Don’t Tell Me About Authority Figure Issues!

BossiStock_000008449384XSmall Authority figure issues anyone?  Oh, yes.  We've got them. 

I've posted before about our complicated relationship with authority figures (in college, it's professors, in the work world, it's our bosses, our new "moms" and "dads").  Mainly, I wrote about authority figure issues in the context of handling criticism but I also mentioned it in terms of our assets as children of alcoholics. 

How would you know if you have authority figure issues?  Well, you almost certainly have them if you grew up in an alcoholic household, because you were raised by an unreliable authority figure (with his or her own authority figure issues). Your first model of an authority figure was a problematic one.

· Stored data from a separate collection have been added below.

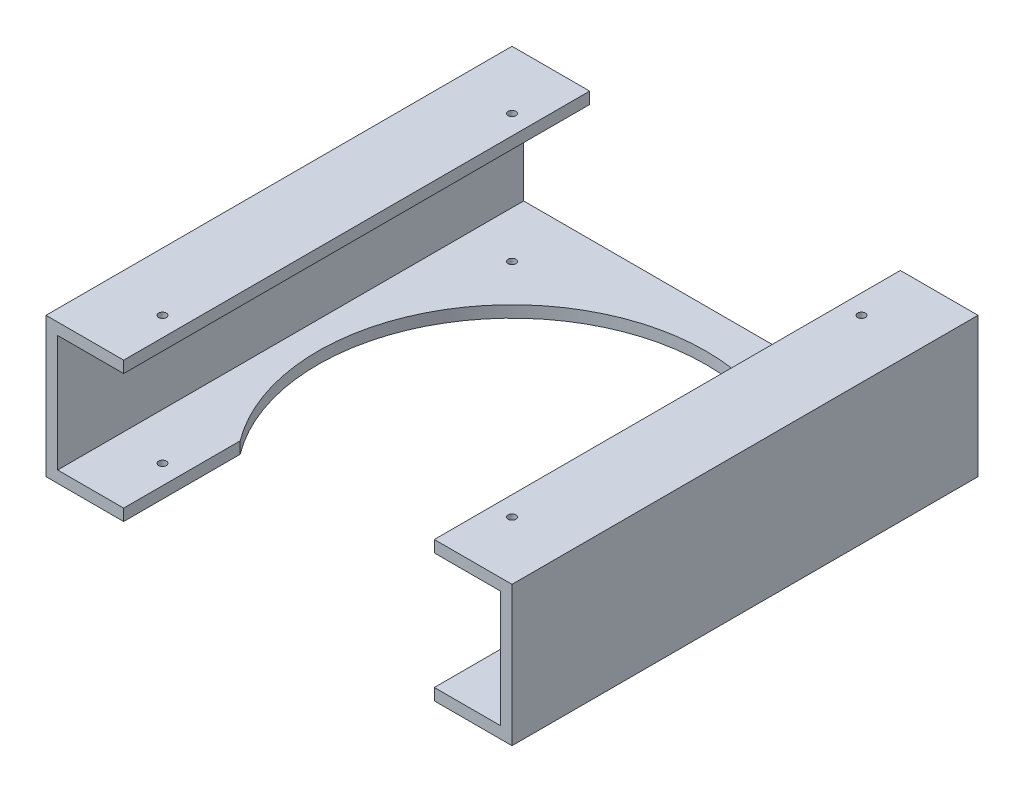
ISO-10303-21;
HEADER;
FILE_DESCRIPTION(('STEP AP214'),'2;1');
FILE_NAME('part.step','',(''),(''),'','','');
FILE_SCHEMA(('AUTOMOTIVE_DESIGN { 1 0 10303 214 1 1 1 1 }'));
ENDSEC;
DATA;
#1=APPLICATION_CONTEXT('core data for automotive mechanical design processes');
#2=APPLICATION_PROTOCOL_DEFINITION('international standard','automotive_design',2000,#1);
#3=PRODUCT_CONTEXT('',#1,'mechanical');
#4=PRODUCT('Part','Part','',(#3));
#5=PRODUCT_RELATED_PRODUCT_CATEGORY('part','',(#4));
#6=PRODUCT_DEFINITION_FORMATION('','',#4);
#7=PRODUCT_DEFINITION_CONTEXT('part definition',#1,'design');
#8=PRODUCT_DEFINITION('design','',#6,#7);
#9=PRODUCT_DEFINITION_SHAPE('','',#8);
#10=(LENGTH_UNIT() NAMED_UNIT(*) SI_UNIT(.MILLI.,.METRE.));
#11=(NAMED_UNIT(*) PLANE_ANGLE_UNIT() SI_UNIT($,.RADIAN.));
#12=(NAMED_UNIT(*) SI_UNIT($,.STERADIAN.) SOLID_ANGLE_UNIT());
#13=UNCERTAINTY_MEASURE_WITH_UNIT(LENGTH_MEASURE(1.E-05),#10,'distance_accuracy_value','');
#14=(GEOMETRIC_REPRESENTATION_CONTEXT(3) GLOBAL_UNCERTAINTY_ASSIGNED_CONTEXT((#13)) GLOBAL_UNIT_ASSIGNED_CONTEXT((#10,
#11,#12)) REPRESENTATION_CONTEXT('',''));
#15=CARTESIAN_POINT('',(0.,0.,0.));
#16=DIRECTION('',(0.,0.,1.));
#17=DIRECTION('',(1.,0.,0.));
#18=AXIS2_PLACEMENT_3D('',#15,#16,#17);
#19=CARTESIAN_POINT('',(0.,0.,60.));
#20=DIRECTION('',(0.,0.,1.));
#21=DIRECTION('',(1.,0.,0.));
#22=AXIS2_PLACEMENT_3D('',#19,#20,#21);
#23=PLANE('',#22);
#24=DIRECTION('',(0.,1.,0.));
#25=VECTOR('',#24,1.);
#26=CARTESIAN_POINT('',(-40.,18.001,60.));
#27=LINE('',#26,#25);
#28=CARTESIAN_POINT('',(-40.,-18.,60.));
#29=VERTEX_POINT('',#28);
#30=CARTESIAN_POINT('',(-40.,-15.,60.));
#31=VERTEX_POINT('',#30);
#32=EDGE_CURVE('E315',#29,#31,#27,.T.);
#33=ORIENTED_EDGE('',*,*,#32,.T.);
#34=DIRECTION('',(1.,0.,0.));
#35=VECTOR('',#34,1.);
#36=CARTESIAN_POINT('',(57.,-15.,60.));
#37=LINE('',#36,#35);
#38=CARTESIAN_POINT('',(-57.,-15.,60.));
#39=VERTEX_POINT('',#38);
#40=EDGE_CURVE('E169',#39,#31,#37,.T.);
#41=ORIENTED_EDGE('',*,*,#40,.F.);
#42=DIRECTION('',(0.,-1.,0.));
#43=VECTOR('',#42,1.);
#44=CARTESIAN_POINT('',(-57.,-15.,60.));
#45=LINE('',#44,#43);
#46=CARTESIAN_POINT('',(-57.,15.,60.));
#47=VERTEX_POINT('',#46);
#48=EDGE_CURVE('E193',#47,#39,#45,.T.);
#49=ORIENTED_EDGE('',*,*,#48,.F.);
#50=DIRECTION('',(-1.,0.,0.));
#51=VECTOR('',#50,1.);
#52=CARTESIAN_POINT('',(57.,15.,60.));
#53=LINE('',#52,#51);
#54=CARTESIAN_POINT('',(-40.,15.,60.));
#55=VERTEX_POINT('',#54);
#56=EDGE_CURVE('E215',#55,#47,#53,.T.);
#57=ORIENTED_EDGE('',*,*,#56,.F.);
#58=DIRECTION('',(0.,-1.,0.));
#59=VECTOR('',#58,1.);
#60=CARTESIAN_POINT('',(-40.,3.82109309296091,60.));
#61=LINE('',#60,#59);
#62=CARTESIAN_POINT('',(-40.,18.,60.));
#63=VERTEX_POINT('',#62);
#64=EDGE_CURVE('E175',#63,#55,#61,.T.);
#65=ORIENTED_EDGE('',*,*,#64,.F.);
#66=DIRECTION('',(-1.,0.,0.));
#67=VECTOR('',#66,1.);
#68=CARTESIAN_POINT('',(60.,18.,60.));
#69=LINE('',#68,#67);
#70=CARTESIAN_POINT('',(-60.,18.,60.));
#71=VERTEX_POINT('',#70);
#72=EDGE_CURVE('E237',#63,#71,#69,.T.);
#73=ORIENTED_EDGE('',*,*,#72,.T.);
#74=DIRECTION('',(0.,-1.,0.));
#75=VECTOR('',#74,1.);
#76=CARTESIAN_POINT('',(-60.,-18.,60.));
#77=LINE('',#76,#75);
#78=CARTESIAN_POINT('',(-60.,-18.,60.));
#79=VERTEX_POINT('',#78);
#80=EDGE_CURVE('E221',#71,#79,#77,.T.);
#81=ORIENTED_EDGE('',*,*,#80,.T.);
#82=DIRECTION('',(1.,0.,0.));
#83=VECTOR('',#82,1.);
#84=CARTESIAN_POINT('',(60.,-18.,60.));
#85=LINE('',#84,#83);
#86=EDGE_CURVE('E231',#79,#29,#85,.T.);
#87=ORIENTED_EDGE('',*,*,#86,.T.);
#88=EDGE_LOOP('',(#33,#41,#49,#57,#65,#73,#81,#87));
#89=FACE_BOUND('',#88,.T.);
#90=ADVANCED_FACE('F38',(#89),#23,.T.);
#91=CARTESIAN_POINT('',(60.,18.,-60.));
#92=DIRECTION('',(0.,1.,0.));
#93=DIRECTION('',(-1.,0.,0.));
#94=AXIS2_PLACEMENT_3D('',#91,#92,#93);
#95=PLANE('',#94);
#96=CARTESIAN_POINT('',(-45.,18.,-45.));
#97=DIRECTION('',(0.,-1.,0.));
#98=DIRECTION('',(1.,0.,0.));
#99=AXIS2_PLACEMENT_3D('',#96,#97,#98);
#100=CIRCLE('',#99,0.999999999999998);
#101=CARTESIAN_POINT('',(-44.,18.,-45.));
#102=VERTEX_POINT('',#101);
#103=EDGE_CURVE('E294',#102,#102,#100,.T.);
#104=ORIENTED_EDGE('',*,*,#103,.T.);
#105=EDGE_LOOP('',(#104));
#106=FACE_BOUND('',#105,.T.);
#107=CARTESIAN_POINT('',(-45.,18.,45.));
#108=DIRECTION('',(0.,-1.,0.));
#109=DIRECTION('',(1.,0.,0.));
#110=AXIS2_PLACEMENT_3D('',#107,#108,#109);
#111=CIRCLE('',#110,0.999999999999998);
#112=CARTESIAN_POINT('',(-44.,18.,45.));
#113=VERTEX_POINT('',#112);
#114=EDGE_CURVE('E270',#113,#113,#111,.T.);
#115=ORIENTED_EDGE('',*,*,#114,.T.);
#116=EDGE_LOOP('',(#115));
#117=FACE_BOUND('',#116,.T.);
#118=DIRECTION('',(0.,0.,1.));
#119=VECTOR('',#118,1.);
#120=CARTESIAN_POINT('',(-40.,18.,-60.));
#121=LINE('',#120,#119);
#122=CARTESIAN_POINT('',(-40.,18.,-60.));
#123=VERTEX_POINT('',#122);
#124=EDGE_CURVE('E191',#123,#63,#121,.T.);
#125=ORIENTED_EDGE('',*,*,#124,.F.);
#126=DIRECTION('',(-1.,0.,0.));
#127=VECTOR('',#126,1.);
#128=CARTESIAN_POINT('',(60.,18.,-60.));
#129=LINE('',#128,#127);
#130=CARTESIAN_POINT('',(-60.,18.,-60.));
#131=VERTEX_POINT('',#130);
#132=EDGE_CURVE('E250',#123,#131,#129,.T.);
#133=ORIENTED_EDGE('',*,*,#132,.T.);
#134=DIRECTION('',(0.,0.,1.));
#135=VECTOR('',#134,1.);
#136=CARTESIAN_POINT('',(-60.,18.,-60.));
#137=LINE('',#136,#135);
#138=EDGE_CURVE('E255',#131,#71,#137,.T.);
#139=ORIENTED_EDGE('',*,*,#138,.T.);
#140=ORIENTED_EDGE('',*,*,#72,.F.);
#141=EDGE_LOOP('',(#125,#133,#139,#140));
#142=FACE_BOUND('',#141,.T.);
#143=ADVANCED_FACE('F379',(#106,#117,#142),#95,.T.);
#144=CARTESIAN_POINT('',(57.,15.,-60.));
#145=DIRECTION('',(0.,1.,0.));
#146=DIRECTION('',(0.,0.,1.));
#147=AXIS2_PLACEMENT_3D('',#144,#145,#146);
#148=PLANE('',#147);
#149=CARTESIAN_POINT('',(-45.,15.,-45.));
#150=DIRECTION('',(0.,1.,0.));
#151=DIRECTION('',(0.,0.,1.));
#152=AXIS2_PLACEMENT_3D('',#149,#150,#151);
#153=CIRCLE('',#152,0.999999999999998);
#154=CARTESIAN_POINT('',(-45.,15.,-44.));
#155=VERTEX_POINT('',#154);
#156=EDGE_CURVE('E173',#155,#155,#153,.T.);
#157=ORIENTED_EDGE('',*,*,#156,.T.);
#158=EDGE_LOOP('',(#157));
#159=FACE_BOUND('',#158,.T.);
#160=CARTESIAN_POINT('',(-45.,15.,45.));
#161=DIRECTION('',(0.,1.,0.));
#162=DIRECTION('',(0.,0.,1.));
#163=AXIS2_PLACEMENT_3D('',#160,#161,#162);
#164=CIRCLE('',#163,0.999999999999998);
#165=CARTESIAN_POINT('',(-45.,15.,46.));
#166=VERTEX_POINT('',#165);
#167=EDGE_CURVE('E269',#166,#166,#164,.T.);
#168=ORIENTED_EDGE('',*,*,#167,.T.);
#169=EDGE_LOOP('',(#168));
#170=FACE_BOUND('',#169,.T.);
#171=DIRECTION('',(-1.,0.,0.));
#172=VECTOR('',#171,1.);
#173=CARTESIAN_POINT('',(57.,15.,-60.));
#174=LINE('',#173,#172);
#175=CARTESIAN_POINT('',(-40.,15.,-60.));
#176=VERTEX_POINT('',#175);
#177=CARTESIAN_POINT('',(-57.,15.,-60.));
#178=VERTEX_POINT('',#177);
#179=EDGE_CURVE('E204',#176,#178,#174,.T.);
#180=ORIENTED_EDGE('',*,*,#179,.F.);
#181=DIRECTION('',(0.,0.,1.));
#182=VECTOR('',#181,1.);
#183=CARTESIAN_POINT('',(-40.,15.,-60.));
#184=LINE('',#183,#182);
#185=EDGE_CURVE('E11',#176,#55,#184,.T.);
#186=ORIENTED_EDGE('',*,*,#185,.T.);
#187=ORIENTED_EDGE('',*,*,#56,.T.);
#188=DIRECTION('',(0.,0.,1.));
#189=VECTOR('',#188,1.);
#190=CARTESIAN_POINT('',(-57.,15.,-60.));
#191=LINE('',#190,#189);
#192=EDGE_CURVE('E218',#178,#47,#191,.T.);
#193=ORIENTED_EDGE('',*,*,#192,.F.);
#194=EDGE_LOOP('',(#180,#186,#187,#193));
#195=FACE_BOUND('',#194,.T.);
#196=ADVANCED_FACE('F386',(#159,#170,#195),#148,.F.);
#197=CARTESIAN_POINT('',(-60.,-18.,-60.));
#198=DIRECTION('',(-1.,0.,0.));
#199=DIRECTION('',(0.,0.,1.));
#200=AXIS2_PLACEMENT_3D('',#197,#198,#199);
#201=PLANE('',#200);
#202=DIRECTION('',(0.,0.,1.));
#203=VECTOR('',#202,1.);
#204=CARTESIAN_POINT('',(-60.,-18.,-60.));
#205=LINE('',#204,#203);
#206=CARTESIAN_POINT('',(-60.,-18.,-60.));
#207=VERTEX_POINT('',#206);
#208=EDGE_CURVE('E254',#207,#79,#205,.T.);
#209=ORIENTED_EDGE('',*,*,#208,.T.);
#210=ORIENTED_EDGE('',*,*,#80,.F.);
#211=ORIENTED_EDGE('',*,*,#138,.F.);
#212=DIRECTION('',(0.,-1.,0.));
#213=VECTOR('',#212,1.);
#214=CARTESIAN_POINT('',(-60.,-18.,-60.));
#215=LINE('',#214,#213);
#216=EDGE_CURVE('E241',#131,#207,#215,.T.);
#217=ORIENTED_EDGE('',*,*,#216,.T.);
#218=EDGE_LOOP('',(#209,#210,#211,#217));
#219=FACE_BOUND('',#218,.T.);
#220=ADVANCED_FACE('F40',(#219),#201,.T.);
#221=CARTESIAN_POINT('',(45.,18.,-45.));
#222=DIRECTION('',(0.,-1.,0.));
#223=DIRECTION('',(1.,0.,0.));
#224=AXIS2_PLACEMENT_3D('',#221,#222,#223);
#225=CIRCLE('',#224,0.999999999999998);
#226=CARTESIAN_POINT('',(46.,18.,-45.));
#227=VERTEX_POINT('',#226);
#228=EDGE_CURVE('E301',#227,#227,#225,.T.);
#229=ORIENTED_EDGE('',*,*,#228,.T.);
#230=EDGE_LOOP('',(#229));
#231=FACE_BOUND('',#230,.T.);
#232=CARTESIAN_POINT('',(45.,18.,45.));
#233=DIRECTION('',(0.,-1.,0.));
#234=DIRECTION('',(1.,0.,0.));
#235=AXIS2_PLACEMENT_3D('',#232,#233,#234);
#236=CIRCLE('',#235,0.999999999999998);
#237=CARTESIAN_POINT('',(46.,18.,45.));
#238=VERTEX_POINT('',#237);
#239=EDGE_CURVE('E307',#238,#238,#236,.T.);
#240=ORIENTED_EDGE('',*,*,#239,.T.);
#241=EDGE_LOOP('',(#240));
#242=FACE_BOUND('',#241,.T.);
#243=DIRECTION('',(0.,0.,-1.));
#244=VECTOR('',#243,1.);
#245=CARTESIAN_POINT('',(40.,18.,-60.));
#246=LINE('',#245,#244);
#247=CARTESIAN_POINT('',(40.,18.,60.));
#248=VERTEX_POINT('',#247);
#249=CARTESIAN_POINT('',(40.,18.,-60.));
#250=VERTEX_POINT('',#249);
#251=EDGE_CURVE('E187',#248,#250,#246,.T.);
#252=ORIENTED_EDGE('',*,*,#251,.F.);
#253=CARTESIAN_POINT('',(60.,18.,60.));
#254=VERTEX_POINT('',#253);
#255=EDGE_CURVE('E238',#254,#248,#69,.T.);
#256=ORIENTED_EDGE('',*,*,#255,.F.);
#257=DIRECTION('',(0.,0.,1.));
#258=VECTOR('',#257,1.);
#259=CARTESIAN_POINT('',(60.,18.,-60.));
#260=LINE('',#259,#258);
#261=CARTESIAN_POINT('',(60.,18.,-60.));
#262=VERTEX_POINT('',#261);
#263=EDGE_CURVE('E258',#262,#254,#260,.T.);
#264=ORIENTED_EDGE('',*,*,#263,.F.);
#265=EDGE_CURVE('E251',#262,#250,#129,.T.);
#266=ORIENTED_EDGE('',*,*,#265,.T.);
#267=EDGE_LOOP('',(#252,#256,#264,#266));
#268=FACE_BOUND('',#267,.T.);
#269=ADVANCED_FACE('F362',(#231,#242,#268),#95,.T.);
#270=CARTESIAN_POINT('',(60.,-18.,-60.));
#271=DIRECTION('',(1.,0.,0.));
#272=DIRECTION('',(0.,0.,-1.));
#273=AXIS2_PLACEMENT_3D('',#270,#271,#272);
#274=PLANE('',#273);
#275=ORIENTED_EDGE('',*,*,#263,.T.);
#276=DIRECTION('',(0.,1.,0.));
#277=VECTOR('',#276,1.);
#278=CARTESIAN_POINT('',(60.,-18.,60.));
#279=LINE('',#278,#277);
#280=CARTESIAN_POINT('',(60.,-18.,60.));
#281=VERTEX_POINT('',#280);
#282=EDGE_CURVE('E234',#281,#254,#279,.T.);
#283=ORIENTED_EDGE('',*,*,#282,.F.);
#284=DIRECTION('',(0.,0.,1.));
#285=VECTOR('',#284,1.);
#286=CARTESIAN_POINT('',(60.,-18.,-60.));
#287=LINE('',#286,#285);
#288=CARTESIAN_POINT('',(60.,-18.,-60.));
#289=VERTEX_POINT('',#288);
#290=EDGE_CURVE('E260',#289,#281,#287,.T.);
#291=ORIENTED_EDGE('',*,*,#290,.F.);
#292=DIRECTION('',(0.,1.,0.));
#293=VECTOR('',#292,1.);
#294=CARTESIAN_POINT('',(60.,-18.,-60.));
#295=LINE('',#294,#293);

People with authority figure issues often have problems with their bosses, stemming from an inability to respect the position of authority their boss has.  People with authority figure issues will pick fights with people in positions of authority — a cop, a teacher, a coach, or anyone who has the power to say "no," or tell someone what to do, such as a clerk, a waiter, or a ticket taker who seizes the food you brought into the movie theater.  

Know the saying "Question Authority"?  I used to see it on bumper stickers a lot in the 1980s.  I think it's an important concept. An ideal. I think kids should be able to question their parents' thinking, and feel free to do so. And I think employees should be empowered to question their bosses, and have open lines of communication between them.  However, questioning authority and inveighing against it are different, and it's important to know where the line between the two is — and when your actions are productive and when they're counter-productive. 

I witnessed my father have more public arguments than I care to remember with people in positions of authority while I was growing up.  I hated being the girl whose father was creating a scene in public. And, of course, it was always the other guy who was the asshole. What I hope I've inherited is his confidence to confront others, but in a fashion that doesn't have dramatic consequences.  

Anyway, it took me a while (that is, years) to realize that I had my own issues with authority figures. I don't pick fights, I grapple with my issues internally.  I have a history of finding it hard to respect my bosses. I always start out liking them.  But over time, that liking feeling fades–and, soon, I start to see them as "real" people, real flawed people, and then I start to feel resentful, to feel shortchanged for having such an imperfect boss. I then find it hard to want to work hard for the person. Eventually, I caught on to my issue. I saw it for the pattern it was. I realized that bosses are imperfect, all of them, and that I better learn how to work effectively with them — if I wanted their respect. 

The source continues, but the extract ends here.